- _PROBLEM DESCRIPTION_: All lines between the one holding "#164=DIRECTION('',(0.,1.,0.));" and the end of the material below, both ends included, should be restated exactly.

- _EXERCISE DATA_:
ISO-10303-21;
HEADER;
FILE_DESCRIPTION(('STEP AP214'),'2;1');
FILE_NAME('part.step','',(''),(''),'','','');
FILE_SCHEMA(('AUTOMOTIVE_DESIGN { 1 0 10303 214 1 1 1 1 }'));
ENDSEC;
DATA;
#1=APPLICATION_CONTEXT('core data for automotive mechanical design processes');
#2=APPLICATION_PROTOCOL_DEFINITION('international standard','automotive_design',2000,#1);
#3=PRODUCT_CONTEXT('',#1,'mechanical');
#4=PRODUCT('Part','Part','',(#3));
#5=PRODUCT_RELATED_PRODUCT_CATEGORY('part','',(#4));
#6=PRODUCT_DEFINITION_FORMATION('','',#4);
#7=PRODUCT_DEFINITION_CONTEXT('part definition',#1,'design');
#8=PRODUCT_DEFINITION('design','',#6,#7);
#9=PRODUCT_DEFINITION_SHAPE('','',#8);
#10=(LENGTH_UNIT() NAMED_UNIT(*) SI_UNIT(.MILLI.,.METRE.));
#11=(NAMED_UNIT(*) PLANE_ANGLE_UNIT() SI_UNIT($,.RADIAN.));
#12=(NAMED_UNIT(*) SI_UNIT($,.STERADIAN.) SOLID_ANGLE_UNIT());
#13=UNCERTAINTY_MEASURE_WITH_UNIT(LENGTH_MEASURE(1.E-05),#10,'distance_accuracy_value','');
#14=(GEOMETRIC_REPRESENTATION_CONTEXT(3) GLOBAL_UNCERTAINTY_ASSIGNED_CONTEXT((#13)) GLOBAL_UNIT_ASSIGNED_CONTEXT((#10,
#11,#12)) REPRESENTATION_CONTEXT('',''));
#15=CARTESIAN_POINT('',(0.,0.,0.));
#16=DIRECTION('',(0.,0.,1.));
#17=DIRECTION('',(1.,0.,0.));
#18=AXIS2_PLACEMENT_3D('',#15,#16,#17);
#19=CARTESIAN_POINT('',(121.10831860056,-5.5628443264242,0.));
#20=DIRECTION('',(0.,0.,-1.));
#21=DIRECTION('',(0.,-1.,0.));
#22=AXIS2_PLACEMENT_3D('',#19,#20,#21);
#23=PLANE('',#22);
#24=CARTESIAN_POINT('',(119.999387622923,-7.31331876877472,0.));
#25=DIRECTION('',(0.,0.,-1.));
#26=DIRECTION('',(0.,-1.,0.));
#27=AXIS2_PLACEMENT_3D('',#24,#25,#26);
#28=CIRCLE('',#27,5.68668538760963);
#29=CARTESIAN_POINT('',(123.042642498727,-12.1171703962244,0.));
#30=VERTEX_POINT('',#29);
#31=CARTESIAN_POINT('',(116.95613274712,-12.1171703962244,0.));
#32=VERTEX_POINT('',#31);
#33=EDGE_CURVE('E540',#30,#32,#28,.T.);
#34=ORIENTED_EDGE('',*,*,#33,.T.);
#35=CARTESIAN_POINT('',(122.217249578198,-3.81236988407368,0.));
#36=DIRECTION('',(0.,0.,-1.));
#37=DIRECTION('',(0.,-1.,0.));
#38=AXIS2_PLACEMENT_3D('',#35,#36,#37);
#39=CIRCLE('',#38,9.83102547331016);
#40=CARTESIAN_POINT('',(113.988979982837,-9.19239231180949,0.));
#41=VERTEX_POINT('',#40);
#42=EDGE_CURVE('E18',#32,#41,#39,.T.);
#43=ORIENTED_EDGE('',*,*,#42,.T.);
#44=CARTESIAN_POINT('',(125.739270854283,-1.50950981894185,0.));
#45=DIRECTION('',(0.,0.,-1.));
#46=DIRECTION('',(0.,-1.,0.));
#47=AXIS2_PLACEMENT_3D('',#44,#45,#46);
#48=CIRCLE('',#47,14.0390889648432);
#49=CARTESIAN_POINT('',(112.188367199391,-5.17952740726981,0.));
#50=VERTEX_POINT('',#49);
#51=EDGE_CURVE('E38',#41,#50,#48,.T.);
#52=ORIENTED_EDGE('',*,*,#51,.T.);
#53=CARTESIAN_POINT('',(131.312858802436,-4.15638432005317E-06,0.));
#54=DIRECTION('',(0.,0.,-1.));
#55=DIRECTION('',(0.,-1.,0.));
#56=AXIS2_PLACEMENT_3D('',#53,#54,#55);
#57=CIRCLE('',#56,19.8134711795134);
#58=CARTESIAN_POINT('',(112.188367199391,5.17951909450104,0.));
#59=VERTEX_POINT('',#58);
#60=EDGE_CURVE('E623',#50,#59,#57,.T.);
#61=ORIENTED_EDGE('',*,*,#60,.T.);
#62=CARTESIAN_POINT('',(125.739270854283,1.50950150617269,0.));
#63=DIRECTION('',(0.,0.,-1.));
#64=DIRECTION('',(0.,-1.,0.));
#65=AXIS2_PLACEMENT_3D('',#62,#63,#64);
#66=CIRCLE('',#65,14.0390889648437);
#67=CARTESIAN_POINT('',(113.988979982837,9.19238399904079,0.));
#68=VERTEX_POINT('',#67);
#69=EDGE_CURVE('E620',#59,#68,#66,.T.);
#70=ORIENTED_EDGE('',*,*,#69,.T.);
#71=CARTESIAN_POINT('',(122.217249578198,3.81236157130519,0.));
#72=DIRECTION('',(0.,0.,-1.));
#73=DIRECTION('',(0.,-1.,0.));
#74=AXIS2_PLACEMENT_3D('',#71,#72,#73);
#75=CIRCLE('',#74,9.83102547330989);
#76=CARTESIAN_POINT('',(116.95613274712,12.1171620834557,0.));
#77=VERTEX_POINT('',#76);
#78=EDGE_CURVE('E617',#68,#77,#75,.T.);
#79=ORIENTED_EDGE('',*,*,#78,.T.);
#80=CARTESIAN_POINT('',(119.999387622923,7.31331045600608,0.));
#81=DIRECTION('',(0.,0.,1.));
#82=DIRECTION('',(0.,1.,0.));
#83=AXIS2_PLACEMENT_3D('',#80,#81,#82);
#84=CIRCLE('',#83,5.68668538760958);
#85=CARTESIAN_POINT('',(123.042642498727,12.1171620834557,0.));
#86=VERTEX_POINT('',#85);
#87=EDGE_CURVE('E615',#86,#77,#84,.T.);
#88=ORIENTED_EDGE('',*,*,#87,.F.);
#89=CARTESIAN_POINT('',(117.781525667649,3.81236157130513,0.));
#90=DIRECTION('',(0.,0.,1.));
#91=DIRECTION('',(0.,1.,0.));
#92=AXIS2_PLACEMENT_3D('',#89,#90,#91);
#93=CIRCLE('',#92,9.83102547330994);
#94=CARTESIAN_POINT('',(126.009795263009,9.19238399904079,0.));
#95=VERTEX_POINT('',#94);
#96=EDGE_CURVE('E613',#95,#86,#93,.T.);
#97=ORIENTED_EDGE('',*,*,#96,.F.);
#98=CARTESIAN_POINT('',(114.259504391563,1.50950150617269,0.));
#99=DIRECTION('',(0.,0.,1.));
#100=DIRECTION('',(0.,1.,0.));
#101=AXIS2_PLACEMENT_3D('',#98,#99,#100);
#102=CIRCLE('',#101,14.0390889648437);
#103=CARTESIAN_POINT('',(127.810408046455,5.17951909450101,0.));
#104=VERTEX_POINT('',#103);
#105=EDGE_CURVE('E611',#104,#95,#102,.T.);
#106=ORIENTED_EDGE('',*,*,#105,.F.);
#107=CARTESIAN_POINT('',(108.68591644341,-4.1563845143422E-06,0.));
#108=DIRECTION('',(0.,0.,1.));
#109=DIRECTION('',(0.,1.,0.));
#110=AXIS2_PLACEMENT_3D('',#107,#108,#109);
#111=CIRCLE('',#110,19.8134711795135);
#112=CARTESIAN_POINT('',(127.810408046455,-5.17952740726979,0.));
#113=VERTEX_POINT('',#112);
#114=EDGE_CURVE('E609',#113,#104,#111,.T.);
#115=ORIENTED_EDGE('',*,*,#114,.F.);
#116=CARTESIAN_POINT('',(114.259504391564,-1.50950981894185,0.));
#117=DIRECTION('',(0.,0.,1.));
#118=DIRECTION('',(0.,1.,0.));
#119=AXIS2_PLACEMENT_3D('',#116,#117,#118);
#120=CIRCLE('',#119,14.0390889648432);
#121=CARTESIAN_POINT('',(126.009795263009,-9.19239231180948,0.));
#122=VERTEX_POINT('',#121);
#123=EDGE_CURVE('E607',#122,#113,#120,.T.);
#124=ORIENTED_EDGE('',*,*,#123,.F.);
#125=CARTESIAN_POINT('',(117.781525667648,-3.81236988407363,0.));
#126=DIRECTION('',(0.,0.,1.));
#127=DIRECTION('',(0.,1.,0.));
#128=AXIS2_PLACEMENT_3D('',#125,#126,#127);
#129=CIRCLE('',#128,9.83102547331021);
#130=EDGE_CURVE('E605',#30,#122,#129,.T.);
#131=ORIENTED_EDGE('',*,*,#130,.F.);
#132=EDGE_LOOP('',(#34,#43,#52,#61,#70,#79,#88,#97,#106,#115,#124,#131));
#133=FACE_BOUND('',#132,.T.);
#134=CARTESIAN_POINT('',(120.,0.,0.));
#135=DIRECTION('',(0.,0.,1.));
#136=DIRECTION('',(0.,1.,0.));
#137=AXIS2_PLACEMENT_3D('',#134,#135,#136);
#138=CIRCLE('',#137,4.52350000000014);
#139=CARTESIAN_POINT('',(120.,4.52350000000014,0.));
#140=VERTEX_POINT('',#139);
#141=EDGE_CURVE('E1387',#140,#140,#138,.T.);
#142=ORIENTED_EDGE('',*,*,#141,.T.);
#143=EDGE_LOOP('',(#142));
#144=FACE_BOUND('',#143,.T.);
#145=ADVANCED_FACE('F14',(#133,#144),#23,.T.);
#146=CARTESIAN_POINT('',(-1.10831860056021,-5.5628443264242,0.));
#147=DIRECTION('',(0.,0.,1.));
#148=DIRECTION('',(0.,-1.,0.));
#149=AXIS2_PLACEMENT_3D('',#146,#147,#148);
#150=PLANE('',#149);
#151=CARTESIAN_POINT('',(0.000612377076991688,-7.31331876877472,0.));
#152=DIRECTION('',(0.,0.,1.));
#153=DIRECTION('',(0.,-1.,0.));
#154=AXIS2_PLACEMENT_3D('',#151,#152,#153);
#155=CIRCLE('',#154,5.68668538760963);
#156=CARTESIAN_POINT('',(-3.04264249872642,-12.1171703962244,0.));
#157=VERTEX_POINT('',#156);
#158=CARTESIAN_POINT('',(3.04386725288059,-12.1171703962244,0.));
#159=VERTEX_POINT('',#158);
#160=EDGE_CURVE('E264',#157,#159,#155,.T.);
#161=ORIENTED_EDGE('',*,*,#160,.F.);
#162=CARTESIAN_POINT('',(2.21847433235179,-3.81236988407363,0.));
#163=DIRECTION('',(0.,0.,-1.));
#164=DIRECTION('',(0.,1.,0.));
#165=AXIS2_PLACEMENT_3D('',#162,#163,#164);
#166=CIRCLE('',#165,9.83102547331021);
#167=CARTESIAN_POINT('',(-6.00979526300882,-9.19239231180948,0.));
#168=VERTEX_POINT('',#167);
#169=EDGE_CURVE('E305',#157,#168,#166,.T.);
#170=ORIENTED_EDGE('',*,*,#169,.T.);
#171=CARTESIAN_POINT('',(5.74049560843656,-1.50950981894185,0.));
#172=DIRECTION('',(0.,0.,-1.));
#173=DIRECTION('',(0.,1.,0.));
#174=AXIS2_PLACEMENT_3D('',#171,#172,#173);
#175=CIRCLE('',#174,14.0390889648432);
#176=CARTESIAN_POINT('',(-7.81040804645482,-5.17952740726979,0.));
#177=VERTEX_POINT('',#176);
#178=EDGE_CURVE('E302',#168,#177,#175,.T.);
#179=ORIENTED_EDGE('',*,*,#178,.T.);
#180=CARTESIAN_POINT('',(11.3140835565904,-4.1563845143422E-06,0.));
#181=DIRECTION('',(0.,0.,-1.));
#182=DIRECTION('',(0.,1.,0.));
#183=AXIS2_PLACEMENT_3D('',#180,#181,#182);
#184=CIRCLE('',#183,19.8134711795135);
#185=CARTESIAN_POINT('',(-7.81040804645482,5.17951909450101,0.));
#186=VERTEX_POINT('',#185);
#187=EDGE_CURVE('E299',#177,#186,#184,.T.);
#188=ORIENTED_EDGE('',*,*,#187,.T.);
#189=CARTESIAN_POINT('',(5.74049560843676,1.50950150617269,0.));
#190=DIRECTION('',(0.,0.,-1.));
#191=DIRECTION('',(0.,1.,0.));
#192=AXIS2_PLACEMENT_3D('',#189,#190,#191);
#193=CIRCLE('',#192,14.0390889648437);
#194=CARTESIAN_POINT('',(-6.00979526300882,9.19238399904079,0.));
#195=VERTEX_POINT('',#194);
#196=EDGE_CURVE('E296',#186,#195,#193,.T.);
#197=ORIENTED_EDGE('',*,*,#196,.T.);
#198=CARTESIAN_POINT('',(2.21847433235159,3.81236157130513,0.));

- _SOLVED PROBLEM_:
#164=DIRECTION('',(0.,1.,0.));
#165=AXIS2_PLACEMENT_3D('',#162,#163,#164);
#166=CIRCLE('',#165,9.83102547331021);
#167=CARTESIAN_POINT('',(-6.00979526300882,-9.19239231180948,0.));
#168=VERTEX_POINT('',#167);
#169=EDGE_CURVE('E305',#157,#168,#166,.T.);
#170=ORIENTED_EDGE('',*,*,#169,.T.);
#171=CARTESIAN_POINT('',(5.74049560843656,-1.50950981894185,0.));
#172=DIRECTION('',(0.,0.,-1.));
#173=DIRECTION('',(0.,1.,0.));
#174=AXIS2_PLACEMENT_3D('',#171,#172,#173);
#175=CIRCLE('',#174,14.0390889648432);
#176=CARTESIAN_POINT('',(-7.81040804645482,-5.17952740726979,0.));
#177=VERTEX_POINT('',#176);
#178=EDGE_CURVE('E302',#168,#177,#175,.T.);
#179=ORIENTED_EDGE('',*,*,#178,.T.);
#180=CARTESIAN_POINT('',(11.3140835565904,-4.1563845143422E-06,0.));
#181=DIRECTION('',(0.,0.,-1.));
#182=DIRECTION('',(0.,1.,0.));
#183=AXIS2_PLACEMENT_3D('',#180,#181,#182);
#184=CIRCLE('',#183,19.8134711795135);
#185=CARTESIAN_POINT('',(-7.81040804645482,5.17951909450101,0.));
#186=VERTEX_POINT('',#185);
#187=EDGE_CURVE('E299',#177,#186,#184,.T.);
#188=ORIENTED_EDGE('',*,*,#187,.T.);
#189=CARTESIAN_POINT('',(5.74049560843676,1.50950150617269,0.));
#190=DIRECTION('',(0.,0.,-1.));
#191=DIRECTION('',(0.,1.,0.));
#192=AXIS2_PLACEMENT_3D('',#189,#190,#191);
#193=CIRCLE('',#192,14.0390889648437);
#194=CARTESIAN_POINT('',(-6.00979526300882,9.19238399904079,0.));
#195=VERTEX_POINT('',#194);
#196=EDGE_CURVE('E296',#186,#195,#193,.T.);
#197=ORIENTED_EDGE('',*,*,#196,.T.);
#198=CARTESIAN_POINT('',(2.21847433235159,3.81236157130513,0.));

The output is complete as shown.